Be careful with saying withstand, the battery is toast after that and it will probably vent, but as long as there are *no sparks* you will not get any fire or explosion.


----------



## magellan (May 21, 2015)

HKJ said:


> Be careful with saying withstand, the battery is toast after that and it will probably vent, but as long as there are *no sparks* you will not get any fire or explosion.



Yikes. So the battery is pretty well cooked after that and should be thrown away. Very interesting and good to know, thanks. I won't be putting those batteries back into service.  (Not that I expect to have any).


----------



## NettyNett911 (Jul 1, 2015)

HKJ said:


> Be careful with saying withstand, the battery is toast after that and it will probably vent, but as long as there are *no sparks* you will not get any fire or explosion.
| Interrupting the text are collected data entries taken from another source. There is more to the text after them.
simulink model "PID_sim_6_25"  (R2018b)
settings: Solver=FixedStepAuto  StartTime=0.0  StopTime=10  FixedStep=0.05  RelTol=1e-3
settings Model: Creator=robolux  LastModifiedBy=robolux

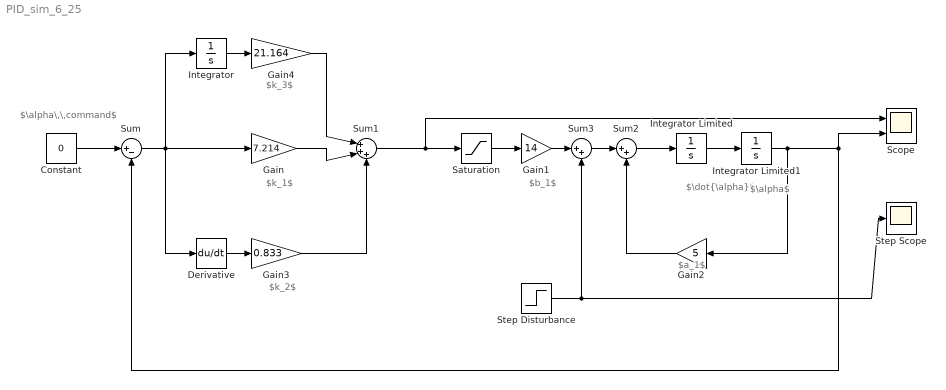
== system PID_sim_6_25 ==
  note: $\alpha\,\,command$
  note: $k_1$
  note: $k_2$
  note: $k_3$
  note: $b_1$
  note: $\dot{\alpha}$
  note: $\alpha$
  note: $a_1$
  Constant : Constant  Value=0
  Derivative : Derivative
  Gain : Gain  Gain=7.214
  Gain1 : Gain  Gain=14
  Gain2 : Gain  Gain=5
  Gain3 : Gain  Gain=0.833
  Gain4 : Gain  Gain=21.164
  Integrator : Integrator
  Integrator Limited : Integrator  InitialCondition=0.5  LimitOutput=on  UpperSaturationLimit=pi/6  LowerSaturationLimit=-pi/6
  Integrator Limited1 : Integrator  InitialCondition=0.1  LimitOutput=on  UpperSaturationLimit=pi/6  LowerSaturationLimit=-pi/6
  Saturation : Saturate  UpperLimit=pi/6  LowerLimit=-pi/6
  Scope : Scope  NumInputPorts=2
  Step Disturbance : Step  Time=4  After=6.25  SampleTime=0
  Step Scope : Scope
  Sum : Sum  Inputs=|+-
  Sum1 : Sum  Inputs=|+++
  Sum2 : Sum  Inputs=|++
  Sum3 : Sum  Inputs=|++
  wires:
  Integrator/1 -> Gain4/1
  Gain4/1 -> Sum1/1
  Gain1/1 -> Sum3/1
  Constant/1 -> Sum/1
  Integrator Limited/1 -> Integrator Limited1/1
  Integrator Limited1/1 -> Gain2/1, Sum/2, Scope/2
  Gain3/1 -> Sum1/3
  Step Disturbance/1 -> Step Scope/1, Sum3/2
  Sum3/1 -> Sum2/1
  Gain2/1 -> Sum2/2
  Sum2/1 -> Integrator Limited/1
  Derivative/1 -> Gain3/1
  Sum/1 -> Integrator/1, Derivative/1, Gain/1
  Gain/1 -> Sum1/2
  Saturation/1 -> Gain1/1
  Sum1/1 -> Scope/1, Saturation/1

Sorry for the double post, computer is being glitchy. My question/confusion is about the blue Samsung batteries--specifically the 2500mAh 3.7v. I'm trying to buy some online after grabbing one in a vape shop and they told me that this battery is an IMR. The only ones I'm able to find ANYWHERE on the internet have an INR designation. I know you said a lot of these use hybrid chemistry now but my local vape guy said a lot of companies also try to re-wrap their own batteries like some of the more popular ones so I want to be sure before I move forward. Can you tell me why they all say INR? Also, if you know any good online stores/Amazon sellers that have the real Samsung 2500mah 3.7's?

Thanks in advance!


----------



## RetroTechie (Jul 2, 2015)

ChrisGarrett said:


> That's why Panasonic uses the prefix 'NCR' before their li-co offerings.
> 
> Nickel/cobalt/dioxide, I guess?


Guess again... I've got a "PRODUCT SAFETY DATA SHEET" here, dated Dec. 7, 2010. Lots of legalese, info on packaging, (shipping) label, protective gear etc, but more interesting (imho) are the materials used.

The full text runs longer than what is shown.